Calamu, a cybersecurity startup in its early stages that is developing technology to aid organisations in recovering from ransomware infestations, has raised $16.5 million in venture capital funding.
The Series A investment takes the amount raised by the Clinton, New Jersey-based company to $20 million, which will be utilised to expand the team and improve the product platform.
Insight Partners led the fresh round of funding, with Dell Technologies Capital joining as a seed investor.
Calamu is developing a clever approach to data security and protection that involves encrypting and fragmenting data at the source — cloud applications or local file systems — and scattering individually re-encrypted fragments across big-cloud storage locations like Amazon AWS, Microsoft Azure, and Google Cloud.
According to Calamu, because a complete data object does not reside in any one area or provider, this redundant virtual storage environment (also known as a data harbour) helps to minimise widely exploited attack vectors.
“With the continual danger of ransomware and rising regulatory pressure, keeping critical data out of enemy hands is a top issue for the company.” Hackers continue to infiltrate commercial data systems, whether the data is hosted in the cloud or on-premises, and have discovered new ways to circumvent defensive tactics and disrupt operations, according to the company.
Calamu data is useless to hackers if taken, and it instantly self-heals if attacked by ransomware,” the company claimed.
According to Calamu CEO Paul Lewis, the system prevents attackers from obtaining anything of value while allowing authorised users and programmes to access pristine data as if nothing had happened.

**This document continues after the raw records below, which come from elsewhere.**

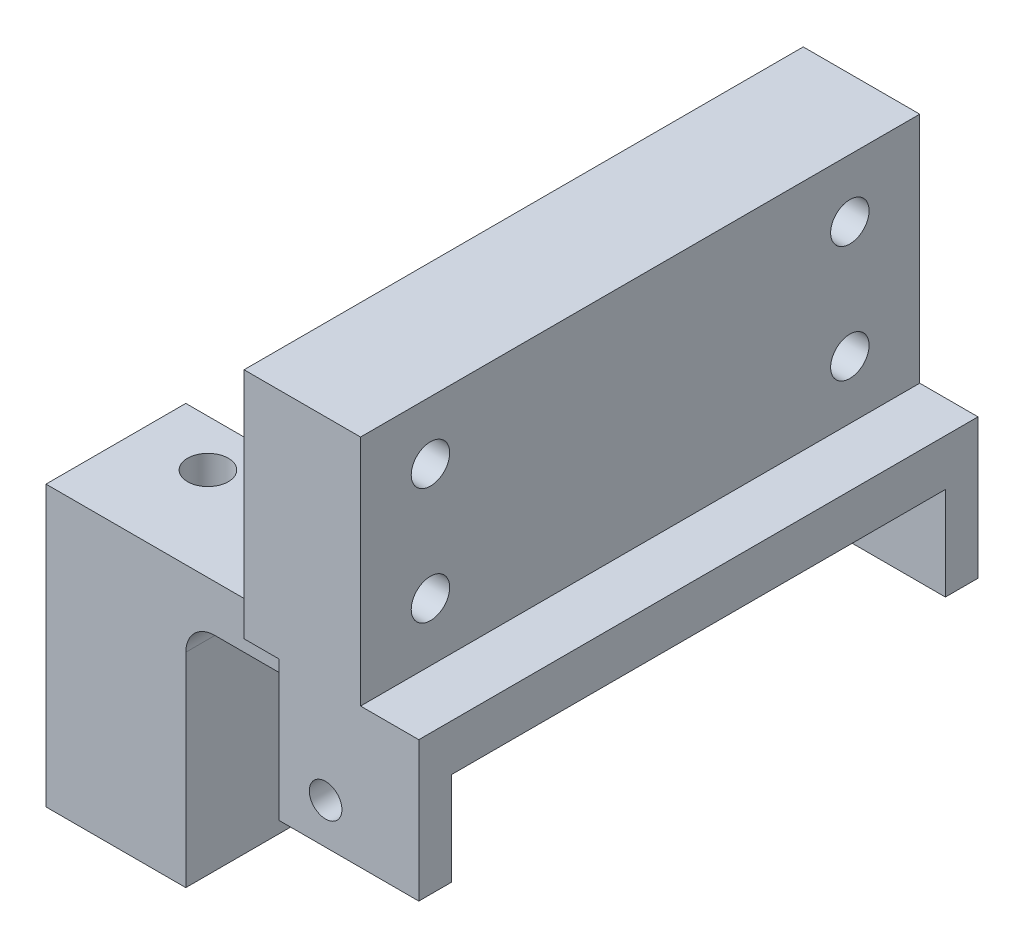
from build123d import *

# Parameters (mm, degrees)
SKETCH_1_W          = 20
SKETCH_1_H          = 48
EXTRUDE_2_DEPTH     = 4
SKETCH_3_W          = 20
SKETCH_3_H          = 3
EXTRUDE_3_DEPTH     = 8
SKETCH_4_W          = 12
SKETCH_4_H          = 4
EXTRUDE_4_DEPTH     = 15
SKETCH_5_R          = 1.75
CUT_EXTRUDE_2_DEPTH = 37.674241642
SKETCH_6_W          = 12
SKETCH_6_H          = 12
SKETCH_6_R          = 1.75
EXTRUDE_5_DEPTH     = 20
SKETCH_7_W          = 10
SKETCH_7_H          = 48
EXTRUDE_6_DEPTH     = 20
SKETCH_8_R          = 1.65
CUT_EXTRUDE_3_DEPTH = 46.299006612
CHAMFER_1_SIZE      = 3
FILLET_2_R          = 2.5
SKETCH_11_W         = 8
SKETCH_11_H         = 12
CUT_EXTRUDE_5_DEPTH = 3
SKETCH_12_R         = 1.4
CUT_EXTRUDE_6_DEPTH = 60.203040462
CHAMFER_2_SIZE      = 1.5
SKETCH_14_W         = 21.274376693
SKETCH_14_H         = 42.4
CUT_EXTRUDE_7_DEPTH = 8
SKETCH_15_W         = 103.642401021
SKETCH_15_H         = 66.860791826
CUT_EXTRUDE_8_DEPTH = 106


with BuildPart() as part:
    # 草图1 → 凸台-拉伸2 (new body)
    with BuildSketch(Plane(origin=(0, 0, 0), x_dir=(1, 0, 0), z_dir=(0, 1, 0))):
        Rectangle(SKETCH_1_W, SKETCH_1_H)
    extrude(amount=EXTRUDE_2_DEPTH)

    # 草图3 → 凸台-拉伸3 (add)
    with BuildSketch(Plane.XZ):
        with Locations((0, 22.5)):
            Rectangle(SKETCH_3_W, SKETCH_3_H)
        with Locations((0, -22.5)):
            Rectangle(SKETCH_3_W, SKETCH_3_H)
    extrude(amount=EXTRUDE_3_DEPTH)

    # 草图4 → 凸台-拉伸4 (add)
    with BuildSketch(Plane.ZY.offset(10)):
        with Locations((-15, 2)):
            Rectangle(SKETCH_4_W, SKETCH_4_H)
    extrude(amount=EXTRUDE_4_DEPTH)

    # 草图5 → 切除-拉伸2 (cut, through all)
    with BuildSketch(Plane(origin=(0, 4, 0), x_dir=(1, 0, 0), z_dir=(0, 1, 0))):
        with Locations(Location((-19.1, 13, 0), (0, 0, 270))):
            Circle(SKETCH_5_R)
    extrude(amount=-CUT_EXTRUDE_2_DEPTH, mode=Mode.SUBTRACT)

    # 草图6 → 凸台-拉伸5 (add)
    with BuildSketch(Plane.XZ):
        with Locations((-19, -15)):
            Rectangle(SKETCH_6_W, SKETCH_6_H)
        with Locations(Location((-19.1, -13, 0), (0, 0, 90))):
            Circle(SKETCH_6_R, mode=Mode.SUBTRACT)
    extrude(amount=EXTRUDE_5_DEPTH)

    # 草图7 → 凸台-拉伸6 (add)
    with BuildSketch(Plane(origin=(0, 4, 0), x_dir=(1, 0, 0), z_dir=(0, 1, 0))):
        Rectangle(SKETCH_7_W, SKETCH_7_H)
    extrude(amount=EXTRUDE_6_DEPTH)

    # 草图8 → 切除-拉伸3 (cut, through all)
    with BuildSketch(Plane(origin=(5, 0, 0), x_dir=(0, 0, -1), z_dir=(1, 0, 0))):
        with Locations((-18, 19)):
            Circle(SKETCH_8_R)
        with Locations((18, 19)):
            Circle(SKETCH_8_R)
        with Locations((18, 9)):
            Circle(SKETCH_8_R)
        with Locations((-18, 9)):
            Circle(SKETCH_8_R)
    extrude(amount=-CUT_EXTRUDE_3_DEPTH, mode=Mode.SUBTRACT)

    # 倒角1
    chamfer_1_edges = [part.edges().sort_by_distance(p)[0] for p in [
        (-10, -2, -24),
    ]]
    chamfer(chamfer_1_edges, length=CHAMFER_1_SIZE - 0.0001)  # a hair under: the kernel refuses the full size

    # 圆角2
    fillet_2_edges = [part.edges().sort_by_distance(p)[0] for p in [
        (-13, 0, -15),
    ]]
    fillet(fillet_2_edges, radius=FILLET_2_R)

    # 草图11 → 切除-拉伸5 (cut)
    with BuildSketch(Plane(origin=(0, 0, -24), x_dir=(-1, 0, 0), z_dir=(0, 0, -1))):
        with Locations((6, -2)):
            Rectangle(SKETCH_11_W, SKETCH_11_H)
    extrude(amount=-CUT_EXTRUDE_5_DEPTH, mode=Mode.SUBTRACT)

    # 草图12 → 切除-拉伸6 (cut, through all)
    with BuildSketch(Plane.XY.offset(24)):
        with Locations((2, -4.5)):
            Circle(SKETCH_12_R)
    extrude(amount=-CUT_EXTRUDE_6_DEPTH, mode=Mode.SUBTRACT)

    # 倒角2
    chamfer_2_edges = [part.edges().sort_by_distance(p)[0] for p in [
        (0.6, -4.5, 24),
    ]]
    chamfer(chamfer_2_edges, length=CHAMFER_2_SIZE)

    # 草图14 → 切除-拉伸7 (cut)
    with BuildSketch(Plane.XZ.offset(8)):
        with Locations((0.637188347, 0)):
            Rectangle(SKETCH_14_W, SKETCH_14_H)
    extrude(amount=-CUT_EXTRUDE_7_DEPTH, mode=Mode.SUBTRACT)


with BuildPart() as body_2:
    # 镜向2: mirrored copy
    add(part.part.mirror(Plane(origin=(0, 0, -34), x_dir=(1, 0, 0), z_dir=(0, 0, -1))))


with BuildPart() as part_1:
    add(part.part)

    # 草图15 → 切除-拉伸8 (cut, through all)
    with BuildSketch(Plane(origin=(0, 24, 0), x_dir=(1, 0, 0), z_dir=(0, 1, 0))):
        with Locations((-18.895114943, 2.939974457)):
            Rectangle(SKETCH_15_W, SKETCH_15_H)
    extrude(amount=-CUT_EXTRUDE_8_DEPTH, mode=Mode.SUBTRACT)


solid = body_2.part

Calamu’s fundraising round comes as global enterprises grapple with an uptick in data-extortion ransomware assaults over the previous two years.
Ransomware is a big threat for government organisations and businesses of all kinds, according to a new advice released this week by the US government’s cybersecurity response agency CISA.
According to the agency, ransomware affected 14 of the 16 critical infrastructure sectors in the United States in 2020, and ransomware groups are now focusing on mid-market targets in the United States.